Step 1: single mode optical fiber (1) and hollow-core fiber (2) welding；

Step 2: the hollow-core fiber (2) that excision is extra；

Step 3: hollow-core fiber (2) and solid core optical fiber (3) welding；

Step 4: the solid core optical fiber (3) that excision is extra；

Step 5: to the end face roughening treatment of the solid core optical fiber (3) after excision；

Step 6: femtosecond laser ablation hollow-core fiber (2).

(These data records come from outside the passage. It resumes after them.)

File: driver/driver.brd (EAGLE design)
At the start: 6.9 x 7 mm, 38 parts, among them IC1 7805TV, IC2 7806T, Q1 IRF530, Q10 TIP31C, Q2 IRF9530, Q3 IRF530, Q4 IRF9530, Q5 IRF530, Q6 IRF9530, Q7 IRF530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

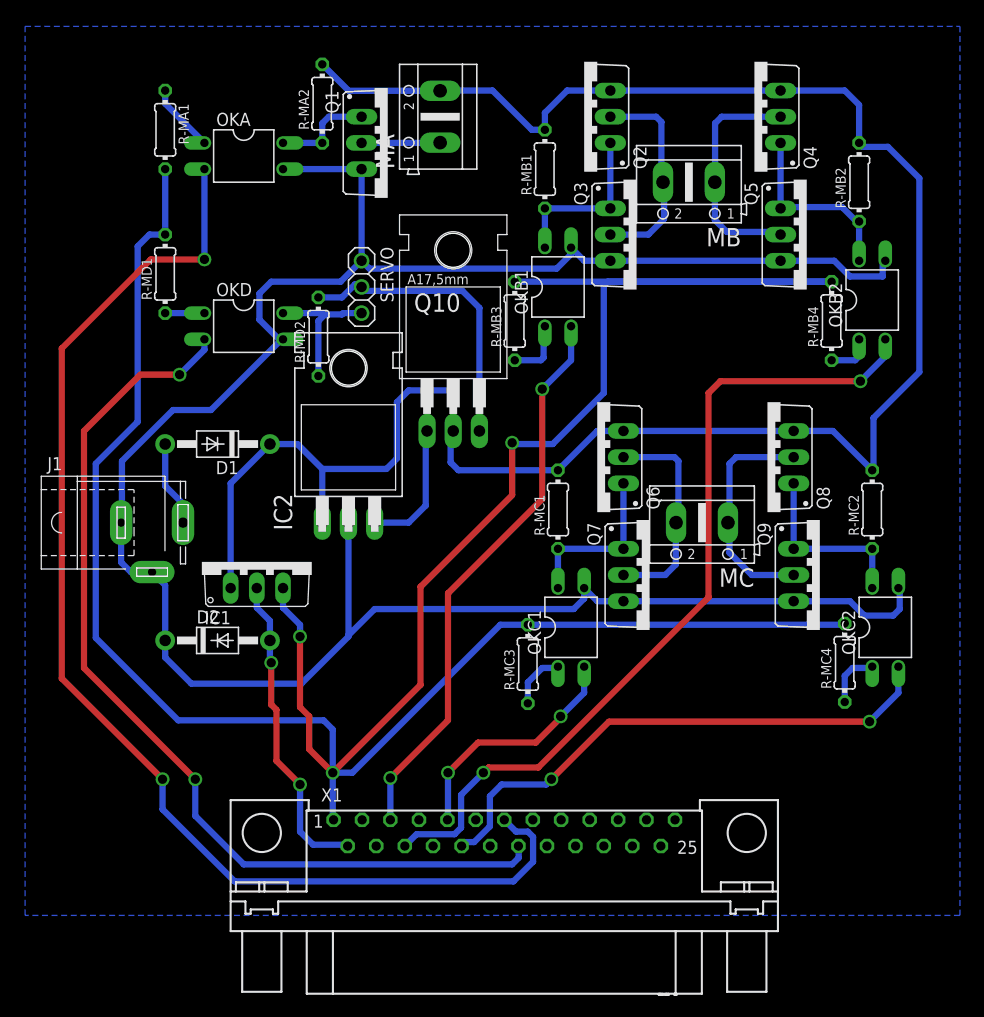
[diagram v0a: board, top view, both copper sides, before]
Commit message: Add egde-line on top layer
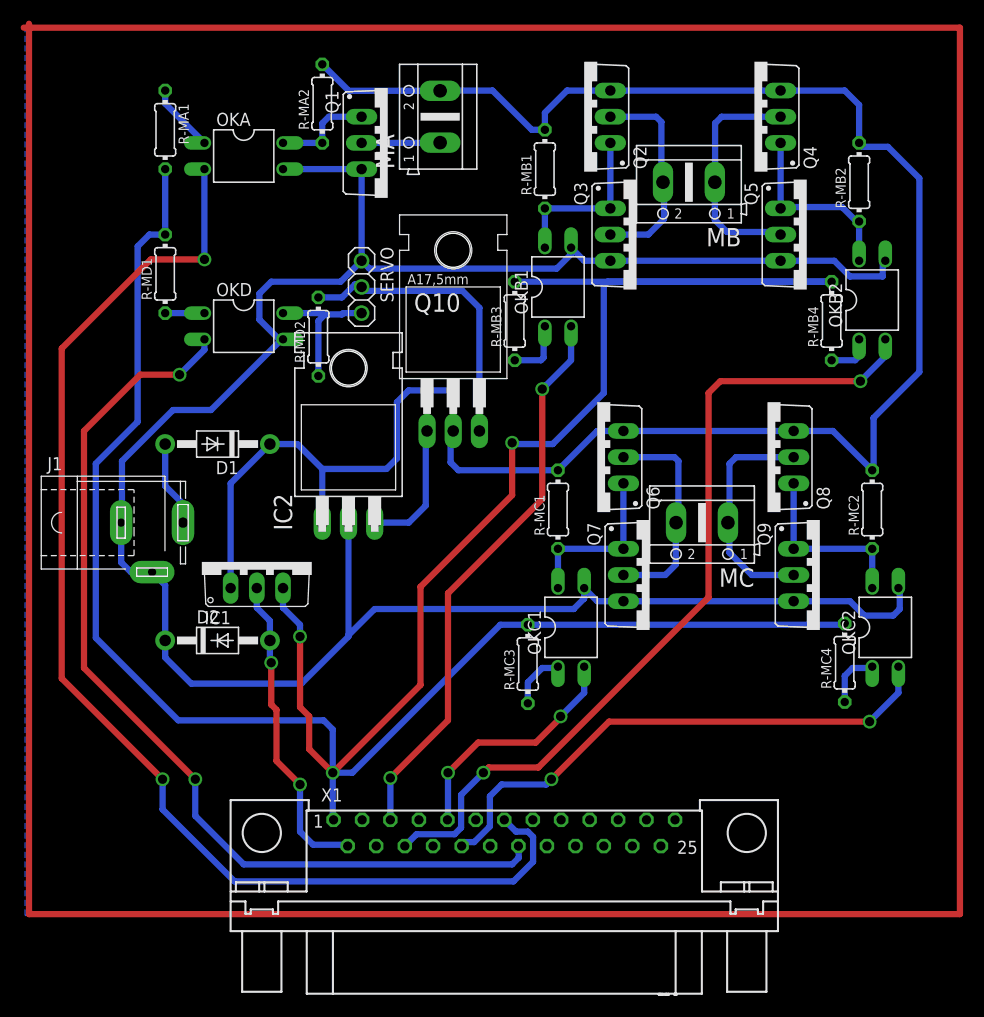
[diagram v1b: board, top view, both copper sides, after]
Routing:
- net N$20: track 0.00 -> 353.4 mm
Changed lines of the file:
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@@
 <layer number="17" name="Pads" color="2" fill="1" visible="yes" active="yes"/>
 <layer number="18" name="Vias" color="14" fill="1" visible="yes" active="yes"/>
-<layer number="19" name="Unrouted" color="6" fill="1" visible="yes" active="yes"/>
-<layer number="20" name="Dimension" color="15" fill="1" visible="yes" active="yes"/>
-<layer number="21" name="tPlace" color="7" fill="1" visible="yes" active="yes"/>
-<layer number="22" name="bPlace" color="7" fill="1" visible="yes" active="yes"/>
-<layer number="23" name="tOrigins" color="15" fill="1" visible="yes" active="yes"/>
-<layer number="24" name="bOrigins" color="15" fill="1" visible="yes" active="yes"/>
+<layer number="19" name="Unrouted" color="6" fill="1" visible="no" active="yes"/>
+<layer number="20" name="Dimension" color="15" fill="1" visible="no" active="yes"/>
+<layer number="21" name="tPlace" color="7" fill="1" visible="no" active="yes"/>
+<layer number="22" name="bPlace" color="7" fill="1" visible="no" active="yes"/>
+<layer number="23" name="tOrigins" color="15" fill="1" visible="no" active="yes"/>
+<layer number="24" name="bOrigins" color="15" fill="1" visible="no" active="yes"/>
 <layer number="25" name="tNames" color="7" fill="1" visible="no" active="yes"/>
 <layer number="26" name="bNames" color="7" fill="1" visible="no" active="yes"/>
@@
 </polygon>
 </signal>
+<signal name="N$20">
+<wire x1="-7.366" y1="81.026" x2="83.439" y2="81.026" width="0.6096" layer="1"/>
+<wire x1="83.439" y1="81.026" x2="83.439" y2="-4.953" width="0.6096" layer="1"/>
+<wire x1="83.439" y1="-4.953" x2="-6.858" y2="-4.953" width="0.6096" layer="1"/>
+<wire x1="-6.858" y1="-4.953" x2="-6.858" y2="81.407" width="0.6096" layer="1"/>
+</signal>
 </signals>

5. a kind of micro-nano fiber vibrating sensor based on hollow-core fiber as described in claims 1 to 3 any one, feature It is: the course of work are as follows: detection light is imported by single mode optical fiber (1), the face of weld (5) in single mode optical fiber (1) and hollow-core fiber (2) First time Fresnel reflection is formed, second of Fei Nier is formed in hollow-core fiber (2) and solid core optical fiber (3) face of weld (6) and reflects, Two-beam interference is reflected to form twice, and reflected light is exported by single mode optical fiber (1) to (FBG) demodulator；When the sensor is by vertical When the vibration in cantilever beam (4) direction, solid core optical fiber (3) drives cantilever beam (4) generation micro-bend as mass block, to change dry The optical path difference of interferometer, to form interference-type optical fiber vibrating sensor.